Pages:
183
Original
date of publication: 1880
My
edition: 2010 (Oxford World’s Classics)
Why
I decided to read:
How
I acquired my copy: Amazon, September 2012
Published
in 1880, Washington Square looks back to an earlier period of New York City’s
history, when upper-crust society lived at or adjacent to Washington Square,
before society eventually migrated uptown. Set in the first half of the
nineteenth century and based on a story that was once told to Henry James, this
novel tells the story of Catherine Sloper the daughter of a respected physician
and the heiress to a fortune of $10,000. One evening she meets Morris Townsend,
a young man of whom Dr. Sloper is immediately suspicious, for wanting to marry
Catherine for her money. Although Dr. Sloper forbids his daughter to marry or
even see Mr. Townsend, as the risk of her losing her fortune, she does so
anyways, with the help of her aunt, Mrs. Penniman.
Washington
Square in the early nineteenth century wasn’t so much a location as it was an
address, a way of life. The heyday of Washington Square was in the 1840s,
although many people were starting to move further uptown.
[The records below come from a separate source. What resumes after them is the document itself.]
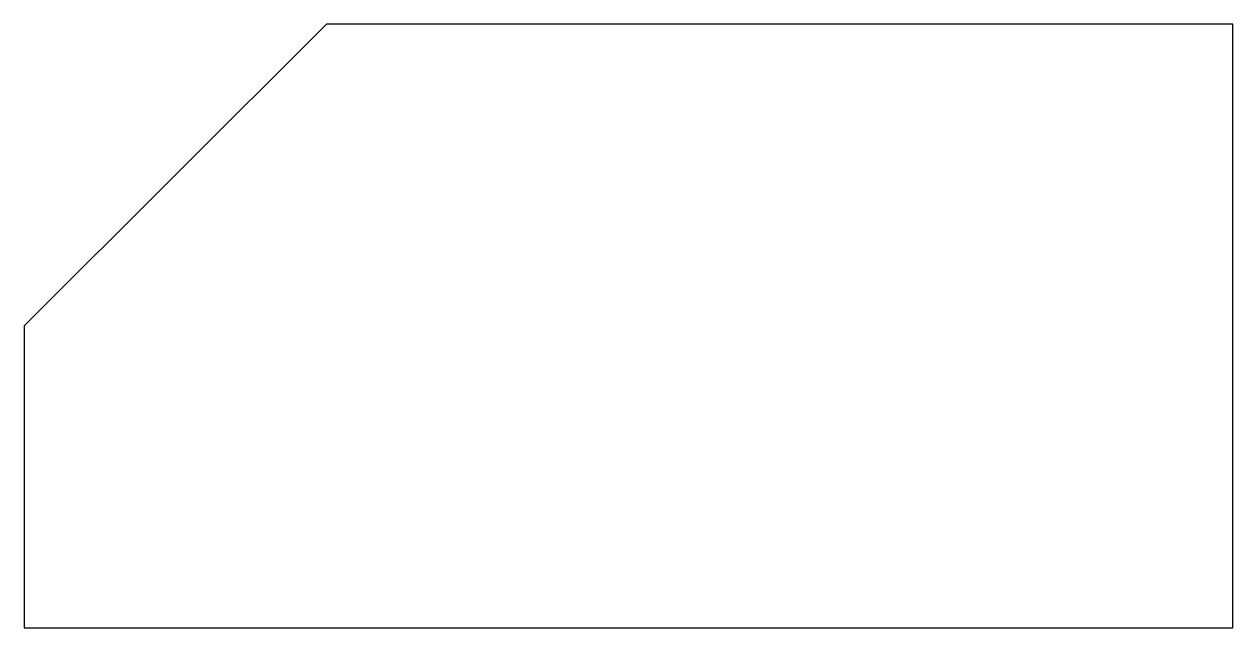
# Model space of a CAD drawing. Header units: millimetres. Extents: x -2.5 to 2.5, y 1 to 3.5.
import ezdxf

# ---------------------------------------------------------------- set-up
doc = ezdxf.new("R2010")
doc.units = ezdxf.units.MM

msp = doc.modelspace()

# ---------------------------------------------------------------- linework, layer by layer
at = {"color": 0, "linetype": 'Continuous', "transparency": 33554687}
for p, q in [((-2.5, 2.25), (-1.25, 3.5)), ((2.5, 3.5), (-1.25, 3.5)), ((2.5, 1), (2.5, 3.5)), ((-2.5, 2.25), (-2.5, 1)), ((-2.5, 1), (2.5, 1))]:
    msp.add_line(p, q, dxfattribs=at)

doc.saveas('drawing.dxf')

Henry James’s
perspective is from the later part of that century, when New York’s high
society had already moved northwards in Manhattan, so this novel highlights the
differences that 50 years or so have wrought. There are often comparisons
between the way things are now (in the 1880s) and the way things were before
the advent of the Civil War. The house in Washington Square represents a
comfortable, consistent way of life valued by nearly everyone in the novel but
Catherine, who seeks a way out through marriage.
Washington
Square is based upon a story that was told to Henry James by the actress Fanny
Kemble. James is rather cruel to Catherine; she is described as a plain,
unintelligent girl. We are never given a clear picture of her thought process. We
get much more from the tyrannical Dr. Sloper, a man who can deliver “a terribly
incisive look—a look so like a surgeon’s lancet.” He is never afraid to say
exactly what he thinks, which makes him an easier character to understand and
empathize with. Henry James doesn’t describe his characters or their actions in
simple adjectives; rather, he uses similes and analogies to describe how his
characters think and feel.
Morris
Townsend is harder to understand; seen though the eyes of Catherine, our idea
of him is hardly objective. We don’t get any kind of inner monologue from him
at first, so it’s hard to judge him exactly. But the more the book goes on and
the more we are allowed to view his thoughts, the more we start to see Townsend
from Dr. Sloper’s point of view. It’s very interesting to see how Henry James
reveals nuances of character the way he does. In all, all of the characters are
portrayed very well.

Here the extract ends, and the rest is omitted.